→ **EXERCISE PROMPT**
Give again, word for word, every line below from the one that has "lines of L17 L11" through the one that has "line L4 (0, 0) -> (80, 0) projected", both included, and no others.
--- START ---
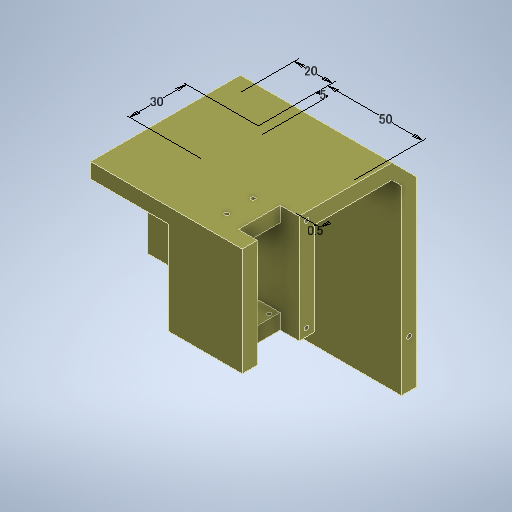
# Autodesk Inventor part: 左仕切り
Saved by Autodesk Inventor 2026.2 (Build 302298010, 298A)
## iProperties
Created: 2026-05-20
Part Number: 左仕切り
Material: 一般
Document SubType Name: Modeling
Designer: Yagis
Density: 1 g/cm^3
Appearance: 既定
Mass: 220.852 g
Surface Area: 622.361 cm^2
Volume: 220.852 cm^3
Author: Yagis
Autodesk Inventor part; units mm, degrees
ref_plane "YZ Plane" through (0, 0, 0) normal (1, 0, 0) x (0, 1, 0)
ref_plane "XZ Plane" through (0, 0, 0) normal (0, 1, 0) x (-1, 0, 0)
ref_plane "XY Plane" through (0, 0, 0) normal (0, 0, 1) x (1, 0, 0)
sketch "スケッチ1" plane through (0, 0, 0) normal (1, 0, 0) x (0, 1, 0)
  line L0 (0, 0) -> (-96, 0)
  line L1 (-96, 0) -> (-96, -8)
  line L2 (-96, -8) -> (0, -8)
  line L3 (0, -8) -> (0, 0)
  line L4 (13, 5) -> (5, 5)
  line L5 (5, 5) -> (5, 75)
  line L6 (5, 75) -> (13, 75)
  line L7 (13, 75) -> (13, 5)
  line L8 (13, 5) -> (0, -8)
  line L9 (5, 5) -> (0, 0)
  line L10 (-44, 84) -> (13, 84)
  line L11 (13, 84) -> (13, 75)
  line L12 (-44, 76) -> (-44, 46)
  line L13 (-44, 46) -> (-36, 46)
  line L14 (-36, 46) -> (-36, 76)
  line L15 (5, 75) -> (5, 76)
  line L16 (5, 76) -> (-44, 76)
  line L17 (-44, 84) -> (-44, 76)
  point P0 (-36, 0)
  point P1 (-36, 76)
  point P2 (-44, 76)
  dimension "d11" = 6
  dimension "d0" = 8
  dimension "d2" = 8
  dimension "d3" = 70
  dimension "d4" = 96
  dimension "d17" = 13
  dimension "d36" = 8
  dimension "d37" = 41
  dimension "d53" = 1
  dimension "d54" = 8
  dimension "d55" = 30
  dimension "d72" = 57
  dimension "d86" = 30
  constraints: 36 end point, 5 parallel, 4 perpendicular, 2 horizontal, 2 vertical, 1 point on line
  measures "d0" distance of L0.end L1.end
  measures "d2" distance between parallel lines of L5 L7
  measures "d3" distance of L4.end L5.end
  measures "d4" distance of L0.start L0.end
  measures "d17" distance from line of L2.end L4
  measures "d36" distance between parallel lines of L12 L14
  measures "d37" distance between parallel lines of L14 L5
  measures "d53" distance of L5.end L15.end
  measures "d54" distance between parallel lines of L10 L16
  measures "d55" distance of L13.end L14.end
  measures "d72" distance between parallel lines of L17 L11
  measures "d86" distance of L12.start L12.end
extrude "押し出し1" add sketch "スケッチ1" along normal blind 80
sketch "スケッチ2" plane through (80, 0, 0) normal (1, 0, 0) x (0, 0, -1)
  line L0 (8, -96) -> (8, 0) projected
  point P0 (0, 0)
  point P1 (4, -71)
  point P2 (-50, 9)
  point P3 (-50, -40)
  dimension "d9" = 4
  dimension "d19" = 80
  dimension "d84" = 58
  dimension "d87" = 49
  constraints: 1 vertical alignment
  measures "d9" distance from line of L0 point (4, -71)
  measures "d19" vertical distance of point (4, -71) point (-50, 9)
  measures "d84" distance from line of L0 point (-50, 9)
  measures "d87" distance of point (-50, -40) point (-50, 9)
hole "穴1" at (80, -71, -4) at (80, 9, 50) at (80, -40, 50) direction (-1, 0, 0) diameter 2.459 depth 8.8 tip angle 118 thread size "M3x0.5" class "6H" standard "ISO Metric profile"
sketch "スケッチ5" plane through (0, 13, 84) normal (0, 1, 0) x (1, 0, 0)
  line L0 (80, 8) -> (70, 8)
  line L1 (70, 8) -> (70, 30)
  line L2 (70, 30) -> (80, 30)
  line L3 (80, 30) -> (80, 8)
  line L4 (0, 0) -> (80, 0) projected
  line L5 (80, 79) -> (80, 0) projected
  point P0 (0, 84)
  dimension "d38" = 8
  dimension "d39" = 10
  dimension "d40" = 22
  constraints: 8 end point, 2 parallel, 1 collinear, 1 horizontal, 1 perpendicular
  measures "d38" distance between parallel lines of L0 L4
  measures "d39" distance between parallel lines of L1 L3
  measures "d40" distance between parallel lines of L0 L2
extrude "押し出し3" cut sketch "スケッチ5" against normal blind 80
sketch "スケッチ6" plane through (0, 13, 84) normal (0, 1, 0) x (1, 0, 0)
  line L0 (80, 8) -> (80, 0) projected
  line L1 (0, 0) -> (80, 0) projected
  point P0 (0, 84)
  point P1 (59.78, 12)
  point P2 (59.78, 26)
  dimension "d43" = 20.22
  dimension "d44" = 12
  dimension "d45" = 14
  constraints: 1 vertical alignment
  measures "d43" distance from line of point (59.78, 12) L0
  measures "d44" distance from line of L1 point (59.78, 12)
  measures "d45" distance of point (59.78, 26) point (59.78, 12)
hole "穴3" at (59.78, 13, 72) at (59.78, 13, 58) direction (0, -1, 0) diameter 2.2 depth 8.8 tip angle 118
sketch "スケッチ7" plane through (0, -44, 46) normal (0, -1, 0) x (1, 0, 0)
  line L0 (80, 8) -> (80, 0) projected
  line L1 (80, 8) -> (70, 8) projected
  point P0 (0, -46)
  point P1 (67.7, 26.5)
  point P2 (67.7, 11.5)
  point P3 (52.7, 26.5)
  point P4 (52.7, 11.5)
  dimension "d58" = 15
  dimension "d59" = 15
  dimension "d60" = 12.3
  dimension "d61" = 3.5
  constraints: 2 horizontal alignment, 2 vertical alignment
  measures "d58" distance of point (67.7, 26.5) point (67.7, 11.5)
  measures "d59" distance of point (52.7, 26.5) point (67.7, 26.5)
  measures "d60" distance from line of point (67.7, 11.5) L0
  measures "d61" distance from line of L1 point (67.7, 11.5)
hole "穴4" at (67.7, -44, 72.5) at (67.7, -44, 57.5) at (52.7, -44, 72.5) at (52.7, -44, 57.5) direction (0, 1, 0) diameter 2.2 depth 8 tip angle 118
sketch "スケッチ8" plane through (0, -44, 46) normal (0, -1, 0) x (1, 0, 0)
  line L0 (0, 38) -> (41.2, 38)
  line L1 (41.2, 38) -> (41.2, 8)
  line L2 (41.2, 8) -> (0, 8)
  line L3 (0, 8) -> (0, 38)
  line L4 (0, -46) -> (80, -46) projected
  line L5 (0, 38) -> (0, -46) projected
  line L6 (0, 38) -> (80, 38) projected
  circle A0 centre (52.7, 26.5) radius 1.1 projected
  line L7 (80, 8) -> (70, 8) projected
  dimension "d75" = 11.5
  dimension "d83" = 0
  constraints: 8 end point, 2 collinear, 2 parallel, 1 horizontal, 1 perpendicular, 1 other
  measures "d75" distance from line of L1 A0.centre
  measures "d83" distance between parallel lines of L7 L2
extrude "押し出し4" cut sketch "スケッチ8" against normal blind 10 contours L0 L1 L2 L3
sketch "スケッチ9" plane through (0, -34, 46) normal (0, -1, 0) x (1, 0, 0)
  point P0 (0, -46)
sketch "スケッチ10" plane through (0, -34, 46) normal (0, -1, 0) x (1, 0, 0)
  line L0 (41.2, 38) -> (0, 38)
  line L1 (0, 38) -> (0, 30)
  line L2 (0, 30) -> (41.2, 30)
  line L3 (41.2, 30) -> (41.2, 38)
  line L4 (0, 38) -> (41.2, 38) projected
  line L5 (41.2, 38) -> (41.2, 8) projected
  line L6 (0, 30) -> (0, 38) projected
  line L7 (41.2, 30) -> (0, 30) projected
  point P0 (0, -46)
  point P1 (41.2, 0)
  constraints: 8 end point, 4 collinear, 2 parallel, 1 horizontal, 1 perpendicular
extrude "押し出し5" cut sketch "スケッチ10" against normal blind 39
sketch "スケッチ11" plane through (0, 5, 5) normal (0, -1, 0) x (1, 0, 0)
  point P0 (0, -5)
sketch "スケッチ12" plane through (0, 5, 5) normal (0, -1, 0) x (1, 0, 0)
  line L0 (41.2, 71) -> (49.2, 71)
  line L1 (49.2, 71) -> (49.2, 49)
  line L2 (49.2, 49) -> (41.2, 49)
  line L3 (41.2, 49) -> (41.2, 71)
  point P0 (0, -5)
  point P1 (70, 71)
  point P2 (41.2, 71)
  dimension "d76" = 8
  dimension "d77" = 22
  constraints: 8 end point, 2 parallel, 1 coincident, 1 horizontal, 1 horizontal alignment, 1 perpendicular
  measures "d76" distance between parallel lines of L1 L3
  measures "d77" distance of L0.end L1.end
extrude "押し出し6" add sketch "スケッチ12" along normal blind 49
sketch "スケッチ13" plane through (80, 0, 0) normal (1, 0, 0) x (0, 0, -1)
  line L0 (-54, 5) -> (-46, 5)
  line L1 (-46, 5) -> (-46, -36)
  line L2 (-46, -36) -> (-54, -36)
  line L3 (-54, -36) -> (-54, 5)
  line L4 (-54, 5) -> (-5, 5) projected
  line L5 (-46, -36) -> (-54, -36) projected
  line L6 (-54, 5) -> (-54, -36) projected
  line L7 (-46, -44) -> (-46, -36) projected
  point P0 (0, 0)
  constraints: 8 end point, 4 collinear, 2 parallel, 1 horizontal, 1 perpendicular
extrude "押し出し7" add sketch "スケッチ13" against normal blind 80
sketch "スケッチ14" plane through (0, 5, 46) normal (0, -1, 0) x (1, 0, 0)
  line L0 (70, -0.5) -> (20, -0.5)
  line L1 (20, -0.5) -> (20, -30.5)
  line L2 (20, -30.5) -> (70, -30.5)
  line L3 (70, -30.5) -> (70, -0.5)
  line L4 (0, -41) -> (0, 0) projected
  line L5 (0, 0) -> (80, 0) projected
  line L6 (66.594, -2.5303) -> (25, -2.5303)
  line L7 (25, -2.5303) -> (25, -27.2887)
  line L8 (25, -27.2887) -> (66.594, -27.2887)
  line L9 (66.594, -27.2887) -> (66.594, -2.5303)
  point P0 (0, -46)
  point P1 (0, -20.5)
  dimension "d88" = 20
  dimension "d89" = 30
  dimension "d90" = 50
  dimension "d91" = 0.5
  dimension "d92" = 5
  constraints: 16 end point, 4 parallel, 2 horizontal, 2 perpendicular, 1 midpoint
  measures "d88" distance between parallel lines of L4 L1
  measures "d89" distance between parallel lines of L2 L0
  measures "d90" distance of L1.end L2.end
  measures "d91" distance between parallel lines of L5 L0
  measures "d92" distance between parallel lines of L7 L1
--- END ---
→ **REPLY**
  measures "d72" distance between parallel lines of L17 L11
  measures "d86" distance of L12.start L12.end
extrude "押し出し1" add sketch "スケッチ1" along normal blind 80
sketch "スケッチ2" plane through (80, 0, 0) normal (1, 0, 0) x (0, 0, -1)
  line L0 (8, -96) -> (8, 0) projected
  point P0 (0, 0)
  point P1 (4, -71)
  point P2 (-50, 9)
  point P3 (-50, -40)
  dimension "d9" = 4
  dimension "d19" = 80
  dimension "d84" = 58
  dimension "d87" = 49
  constraints: 1 vertical alignment
  measures "d9" distance from line of L0 point (4, -71)
  measures "d19" vertical distance of point (4, -71) point (-50, 9)
  measures "d84" distance from line of L0 point (-50, 9)
  measures "d87" distance of point (-50, -40) point (-50, 9)
hole "穴1" at (80, -71, -4) at (80, 9, 50) at (80, -40, 50) direction (-1, 0, 0) diameter 2.459 depth 8.8 tip angle 118 thread size "M3x0.5" class "6H" standard "ISO Metric profile"
sketch "スケッチ5" plane through (0, 13, 84) normal (0, 1, 0) x (1, 0, 0)
  line L0 (80, 8) -> (70, 8)
  line L1 (70, 8) -> (70, 30)
  line L2 (70, 30) -> (80, 30)
  line L3 (80, 30) -> (80, 8)
  line L4 (0, 0) -> (80, 0) projected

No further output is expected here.